Chapter I. Introduction

“Life is a game. Money is how we keep score.”

Ted Turner (attributed), The Quotable Billionaire

This thesis is about prices, computational finance and pricing algorithms. Prices are the essence of the material world. Prices are much more than the quantitative/monetary value that will purchase a finite measure of a good or a service. Being prices the consideration given in exchange for transfer of ownership or right to use, there is no doubt they set up the essential basis of commercial transactions11 and provide the means of comparing different goods or services in terms of the satisfaction/utility they deliver to the actual or potential owners or users, as well as in terms of their relative scarcity.

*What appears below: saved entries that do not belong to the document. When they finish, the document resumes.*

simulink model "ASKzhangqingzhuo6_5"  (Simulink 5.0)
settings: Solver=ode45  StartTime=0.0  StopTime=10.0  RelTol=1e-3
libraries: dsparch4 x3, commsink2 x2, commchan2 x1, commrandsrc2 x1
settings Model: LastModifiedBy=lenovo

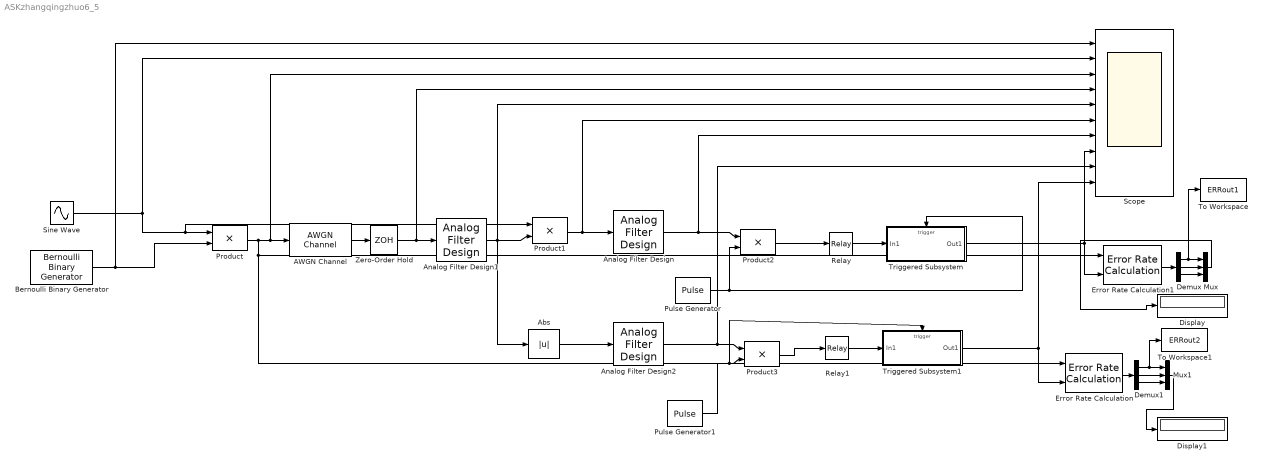
== system ASKzhangqingzhuo6_5 ==
  AWGN Channel : commchan2/AWGN Channel  seed=67  noiseMode="Signal to noise ratio  (SNR)"  EsNodB=10  SNRdB=10  Ps=1  Tsym=1  variance=1
  Abs : Abs  SaturateOnIntegerOverflow=on
  Analog Filter Design : dsparch4/Analog Filter Design  method=Butterworth  filttype=Lowpass  N=8  Wlo=2*pi*5  Whi=80  Rp=2  Rs=40
  Analog Filter Design1 : dsparch4/Analog Filter Design  method=Butterworth  filttype=Bandpass  N=8  Wlo=2*pi*18  Whi=2*pi*22  Rp=2  Rs=40
  Analog Filter Design2 : dsparch4/Analog Filter Design  method=Butterworth  filttype=Lowpass  N=8  Wlo=2*pi*5  Whi=80  Rp=2  Rs=40
  Bernoulli Binary Generator : commrandsrc2/Bernoulli Binary Generator  P=0.5  seed=61  Ts=0.5  frameBased=off  sampPerFrame=1  orient=off
  Demux : Demux  Outputs=3
  Demux1 : Demux  Outputs=3
  Display : Display
  Display1 : Display
  Error Rate Calculation : commsink2/Error Rate Calculation  N=0  st_delay=0  cp_mode=Entire frame  subframe=[]  PMode=Port  WsName=ErrorVec  RsMode2=off  stop=off  numErr=100  maxBits=1e6
  Error Rate Calculation1 : commsink2/Error Rate Calculation  N=0  st_delay=0  cp_mode=Entire frame  subframe=[]  PMode=Port  WsName=ErrorVec  RsMode2=off  stop=off  numErr=100  maxBits=1e6
  Mux : Mux  Inputs=3
  Mux1 : Mux  Inputs=3
  Product{,1..3} (4 alike) : Product  SaturateOnIntegerOverflow=on
  Pulse Generator : DiscretePulseGenerator  Period=10  PulseWidth=5  SampleTime=1/500
  Pulse Generator1 : DiscretePulseGenerator  Period=10  PulseWidth=5  SampleTime=1/500
  Relay : Relay  OnSwitchValue=0.2  OffSwitchValue=0.2  ShowAdditionalParam=on
  Relay1 : Relay  OnSwitchValue=0.3  OffSwitchValue=0.3  ShowAdditionalParam=on
  Scope : Scope  NumInputPorts=10
      settings: YMin=-2~-2~-2~-2~-2~-2~-2~-2~-2~-2  YMax=2~2~2~2~2~2~2~2~2~2
  Sine Wave : Sin  Frequency=2*pi*20  SampleTime=1/500
  To Workspace : ToWorkspace  VariableName=ERRout1  SampleTime=-1  SaveFormat=Structure
  To Workspace1 : ToWorkspace  VariableName=ERRout2  SampleTime=-1  SaveFormat=Structure
  Triggered Subsystem : Subsystem  TreatAsAtomicUnit=on
  Triggered Subsystem1 : Subsystem  TreatAsAtomicUnit=on
  Zero-Order Hold : ZeroOrderHold  SampleTime=0.01
  wires:
  Bernoulli Binary Generator/1 -> Scope/1, Product/2
  Abs/1 -> Analog Filter Design2/1
  Product2/1 -> Relay/1
  Relay/1 -> Triggered Subsystem/1(In1)
  Relay1/1 -> Triggered Subsystem1/1(In1)
  Pulse Generator/1 -> Triggered Subsystem/Trigger, Product2/2
  Triggered Subsystem/1(Out1) -> Scope/8, Error Rate Calculation1/2
  Product3/1 -> Relay1/1
  Triggered Subsystem1/1(Out1) -> Scope/10, Error Rate Calculation/2
  Pulse Generator1/1 -> Triggered Subsystem1/Trigger, Product3/2
  Error Rate Calculation1/1 -> Demux/1
  Demux/2 -> Mux/2
  Demux/3 -> Mux/3
  Demux1/1 -> Mux1/1, To Workspace1/1
  Demux1/2 -> Mux1/2
  Demux1/3 -> Mux1/3
  Error Rate Calculation/1 -> Demux1/1
  Demux/1 -> Mux/1, To Workspace/1
  Mux1/1 -> Display1/1
  Mux/1 -> Display/1
  AWGN Channel/1 -> Zero-Order Hold/1
  Analog Filter Design2/1 -> Scope/9, Product3/1
  Analog Filter Design/1 -> Scope/7, Product2/1
  Product1/1 -> Analog Filter Design/1, Scope/6
  Analog Filter Design1/1 -> Abs/1, Scope/5, Product1/2
  Zero-Order Hold/1 -> Analog Filter Design1/1, Scope/4
  Product/1 -> AWGN Channel/1, Scope/3, Error Rate Calculation1/1, Error Rate Calculation/1
  Sine Wave/1 -> Product/1, Product1/1, Scope/2

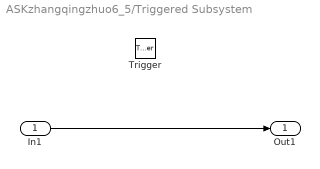
== system ASKzhangqingzhuo6_5/Triggered Subsystem ==
  In1 : Inport
  Trigger : TriggerPort
  Out1 : Outport
  wires:
  In1/1 -> Out1/1

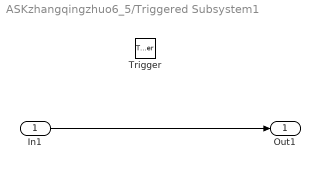
== system ASKzhangqingzhuo6_5/Triggered Subsystem1 ==
  In1 : Inport
  Trigger : TriggerPort
  Out1 : Outport
  wires:
  In1/1 -> Out1/1

But prices are also an expression of the expectations of the agents about the future and their interpretation regarding the events they observe or that they believe are happening. Therefore prices provide a ground of negotiation for the exchange of goods or the provision of services within a context which is psychological and objective at the same time for the interacting agents, and thus comprising a natural interface for the agents to the markets in order to function properly: <<The stock market is considered essential for economic growth and expected to contribute to improved productivity. An efficient pricing mechanism of the stock market can be a driving force for channeling savings into profitable investments and thus facilitating optimal allocation of capital.>>12

Pricing algorithms have earned a significant reputation within financial field practitioners, but no so much in the academic ground. The topic of pricing algorithms is approached at most only tangentially in the technical literature, and appears mentioned more often in technical blogs or by analysts in different forums, especially in those conversations aimed to divulgate how modern financial markets operate13, or to warn the public against the dangers of computers (i.e. algorithms) “controlling” our lives and the eventual prosecution of individuals unethically profiting from price manipulation.

11 ‘Price’ entry, Business Dictionary, at http://www.businessdictionary.com/definition/price.html.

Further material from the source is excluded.